Since their inception, SpaceX has been at work on multiple versions of their current flying rocket, the Falcon 9. They initially developed Falcon 1 which uses the same Merlin engines, simply 1 instead of 9 for the first stage, and recently launched Falcon Heavy, which is “just” 3 Falcon 9 first stages together. Falcon 9’s diameter is 12 feet, which is quite tiny for a rocket : SpaceX chose that diameter specifically as it’s the biggest object size you’re allowed to ship on US highways, which is super useful for them to ship rockets from California (manufacturing) to Texas (testing) to Florida (launch) while keeping costs low.

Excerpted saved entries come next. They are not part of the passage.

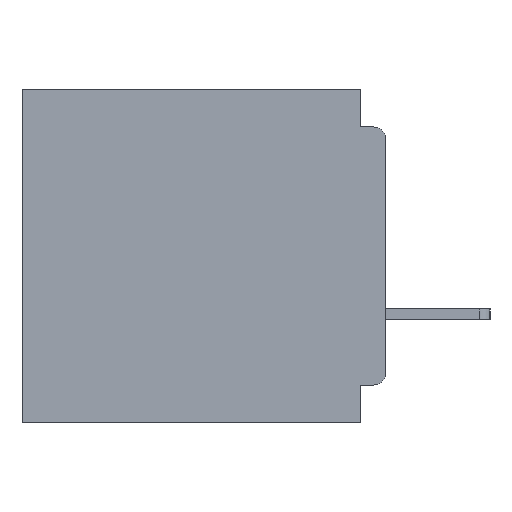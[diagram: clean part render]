
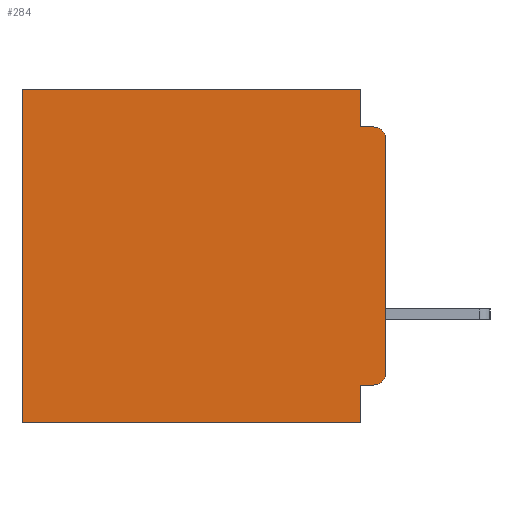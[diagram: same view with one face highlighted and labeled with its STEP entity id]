
A CAD part, left-side view. The second image highlights one B-rep face of the part: STEP entity #284.
In plain terms, the highlighted planar face has unit normal (-1, 0, 0).
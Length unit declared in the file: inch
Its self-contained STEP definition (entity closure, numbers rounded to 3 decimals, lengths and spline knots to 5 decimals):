
#130 = VERTEX_POINT ( 'NONE', #18108 ) ;
#172 = CARTESIAN_POINT ( 'NONE',  ( 0.3, 0., 0. ) ) ;
#188 = CARTESIAN_POINT ( 'NONE',  ( 0.3, 0., -0.06 ) ) ;
#284 = ADVANCED_FACE ( 'NONE', ( #1633 ), #566, .F. ) ;
#296 = CARTESIAN_POINT ( 'NONE',  ( 0.3, 0.015, -0.06 ) ) ;
#397 = EDGE_CURVE ( 'NONE', #21364, #3027, #4819, .T. ) ;
#409 = LINE ( 'NONE', #31069, #23587 ) ;
#566 = PLANE ( 'NONE',  #16689 ) ;
#1023 = VECTOR ( 'NONE', #13455, 39.37008 ) ;
#1143 = EDGE_CURVE ( 'NONE', #36885, #6280, #24756, .T. ) ;
#1180 = CARTESIAN_POINT ( 'NONE',  ( 0.3, 0.031, -0.045 ) ) ;
#1484 = CARTESIAN_POINT ( 'NONE',  ( 0.3, 0., -0.355 ) ) ;
#1633 = FACE_OUTER_BOUND ( 'NONE', #33415, .T. ) ;
#1839 = CARTESIAN_POINT ( 'NONE',  ( 0.3, 0.437, -0.4 ) ) ;
#1912 = LINE ( 'NONE', #1839, #1023 ) ;
#2318 = VERTEX_POINT ( 'NONE', #1180 ) ;
#2591 = VECTOR ( 'NONE', #4089, 39.37008 ) ;
#3027 = VERTEX_POINT ( 'NONE', #5400 ) ;
#3209 = DIRECTION ( 'NONE',  ( 0., 0., -1. ) ) ;
#3442 = AXIS2_PLACEMENT_3D ( 'NONE', #29236, #11966, #32149 ) ;
#4089 = DIRECTION ( 'NONE',  ( 0., 0., -1. ) ) ;
#4819 = LINE ( 'NONE', #20884, #19427 ) ;
#5400 = CARTESIAN_POINT ( 'NONE',  ( 0.3, 0., -0.34 ) ) ;
#5683 = CIRCLE ( 'NONE', #3442, 0.015 ) ;
#5994 = EDGE_CURVE ( 'NONE', #15986, #24944, #33068, .T. ) ;
#6280 = VERTEX_POINT ( 'NONE', #10788 ) ;
#6894 = CARTESIAN_POINT ( 'NONE',  ( 0.3, 0.031, -0.4 ) ) ;
#7080 = ORIENTED_EDGE ( 'NONE', *, *, #24225, .F. ) ;
#7529 = CARTESIAN_POINT ( 'NONE',  ( 0.3, 0.437, -0.4 ) ) ;
#7605 = VERTEX_POINT ( 'NONE', #10049 ) ;
#7941 = ORIENTED_EDGE ( 'NONE', *, *, #21374, .T. ) ;
#7951 = LINE ( 'NONE', #172, #31028 ) ;
#8883 = DIRECTION ( 'NONE',  ( 0., 1., 0. ) ) ;
#9308 = DIRECTION ( 'NONE',  ( 0., 1., 0. ) ) ;
#10049 = CARTESIAN_POINT ( 'NONE',  ( 0.3, 0.031, 0. ) ) ;
#10158 = LINE ( 'NONE', #6894, #26438 ) ;
#10363 = CARTESIAN_POINT ( 'NONE',  ( 0.3, 0., -0.4 ) ) ;
#10788 = CARTESIAN_POINT ( 'NONE',  ( 0.3, 0.031, -0.355 ) ) ;
#11086 = CARTESIAN_POINT ( 'NONE',  ( 0.3, 0.015, -0.045 ) ) ;
#11154 = ORIENTED_EDGE ( 'NONE', *, *, #36942, .T. ) ;
#11966 = DIRECTION ( 'NONE',  ( -1., 0., 0. ) ) ;
#12616 = EDGE_CURVE ( 'NONE', #7605, #130, #7951, .T. ) ;
#12971 = ORIENTED_EDGE ( 'NONE', *, *, #12616, .T. ) ;
#13455 = DIRECTION ( 'NONE',  ( 0., 0., -1. ) ) ;
#13849 = ORIENTED_EDGE ( 'NONE', *, *, #1143, .F. ) ;
#15986 = VERTEX_POINT ( 'NONE', #35291 ) ;
#16275 = CARTESIAN_POINT ( 'NONE',  ( 0.3, 0.015, -0.355 ) ) ;
#16510 = EDGE_CURVE ( 'NONE', #6280, #15986, #10158, .T. ) ;
#16689 = AXIS2_PLACEMENT_3D ( 'NONE', #33140, #32206, #35373 ) ;
#17097 = VECTOR ( 'NONE', #9308, 39.37008 ) ;
#17154 = DIRECTION ( 'NONE',  ( 0., 1., 0. ) ) ;
#18108 = CARTESIAN_POINT ( 'NONE',  ( 0.3, 0.437, 0. ) ) ;
#18538 = DIRECTION ( 'NONE',  ( 0., 0., -1. ) ) ;
#19427 = VECTOR ( 'NONE', #18538, 39.37008 ) ;
#20686 = DIRECTION ( 'NONE',  ( -1., 0., 0. ) ) ;
#20765 = AXIS2_PLACEMENT_3D ( 'NONE', #296, #20686, #3209 ) ;
#20884 = CARTESIAN_POINT ( 'NONE',  ( 0.3, 0., -0.4 ) ) ;
#21362 = VECTOR ( 'NONE', #17154, 39.37008 ) ;
#21364 = VERTEX_POINT ( 'NONE', #188 ) ;
#21374 = EDGE_CURVE ( 'NONE', #36885, #3027, #5683, .T. ) ;
#21625 = ORIENTED_EDGE ( 'NONE', *, *, #22565, .F. ) ;
#22565 = EDGE_CURVE ( 'NONE', #2318, #23207, #409, .T. ) ;
#23207 = VERTEX_POINT ( 'NONE', #11086 ) ;
#23587 = VECTOR ( 'NONE', #36990, 39.37008 ) ;
#24225 = EDGE_CURVE ( 'NONE', #7605, #2318, #32549, .T. ) ;
#24260 = DIRECTION ( 'NONE',  ( 0., 0., -1. ) ) ;
#24407 = CARTESIAN_POINT ( 'NONE',  ( 0.3, 0.031, 0. ) ) ;
#24756 = LINE ( 'NONE', #1484, #17097 ) ;
#24944 = VERTEX_POINT ( 'NONE', #7529 ) ;
#26438 = VECTOR ( 'NONE', #24260, 39.37008 ) ;
#28306 = ORIENTED_EDGE ( 'NONE', *, *, #5994, .F. ) ;
#29236 = CARTESIAN_POINT ( 'NONE',  ( 0.3, 0.015, -0.34 ) ) ;
#30108 = ORIENTED_EDGE ( 'NONE', *, *, #16510, .F. ) ;
#30595 = ORIENTED_EDGE ( 'NONE', *, *, #397, .F. ) ;
#31028 = VECTOR ( 'NONE', #8883, 39.37008 ) ;
#31069 = CARTESIAN_POINT ( 'NONE',  ( 0.3, 0., -0.045 ) ) ;
#32149 = DIRECTION ( 'NONE',  ( 0., 0., -1. ) ) ;
#32206 = DIRECTION ( 'NONE',  ( 1., 0., 0. ) ) ;
#32549 = LINE ( 'NONE', #24407, #2591 ) ;
#32954 = EDGE_CURVE ( 'NONE', #21364, #23207, #34127, .T. ) ;
#33068 = LINE ( 'NONE', #10363, #21362 ) ;
#33140 = CARTESIAN_POINT ( 'NONE',  ( 0.3, 0., -0.4 ) ) ;
#33415 = EDGE_LOOP ( 'NONE', ( #30595, #37052, #21625, #7080, #12971, #11154, #28306, #30108, #13849, #7941 ) ) ;
#34127 = CIRCLE ( 'NONE', #20765, 0.015 ) ;
#35291 = CARTESIAN_POINT ( 'NONE',  ( 0.3, 0.031, -0.4 ) ) ;
#35373 = DIRECTION ( 'NONE',  ( 0., 0., -1. ) ) ;
#36885 = VERTEX_POINT ( 'NONE', #16275 ) ;
#36942 = EDGE_CURVE ( 'NONE', #130, #24944, #1912, .T. ) ;
#36990 = DIRECTION ( 'NONE',  ( 0., -1., 0. ) ) ;
#37052 = ORIENTED_EDGE ( 'NONE', *, *, #32954, .T. ) ;

The issue is that Falcon 9/Heavy is too tiny to send 100+ ton payloads to mars, so they’ve been hard at work designing a significantly bigger rocket, BFR. Since it won’t fit on US roads, they have just been granted a lease in the port of LA, where they will do the spaceship’s manufacturing which will be then shipped by boat to Florida for launch operations (it is actually likely that the first test flights will be taking off from barges in the ocean to avoid collateral damage if the thing explodes, given its enormous fuel capacity). The building’s manufacturing will take months if not years to complete, which isn’t to the liking of SpaceX’s fast iteration time, so they’ve started to build their spacecraft in… a giant inflatable tent in the port of LA, close to the final building’s location, in between all the shipping containers.

📸 by teslarati

So next time you think “I couldn’t possibly have done this sooner or faster”, just remember that SpaceX is currently building humanity’s first manned interplanetary spacecraft in a tent, cause they couldn’t have their permits in a timeframe that aligned with their insane schedule.
💥💥 First suborbital testflights in 2019 in Elon Time™

👾👾 BonusCool to finish 👾👾

This week a VR game called Beat Saber launched. It’s amazing, I play it at work way too much, and it has perfect scores on every VR store it released in. It’s a music/rhythm game, like Guitar Hero or AudioSurf, but where the notes are cubes coming towards you, timed to the music of course. You hold 2 red and blue lightsabers in your hands and you need to slash the colored cubes with the lightsaber of the same color, in the direction (⬆️ ⬇️ ⬅️ ➡️) shown on the front of the cube (as shown on this mixed reality video).

The cube positions, timings, and arrows direction are manually curated (unlike AudioSurf for example, that automatically generates the environment and the track according to the song’s audio), which makes it even more engaging. Check it out!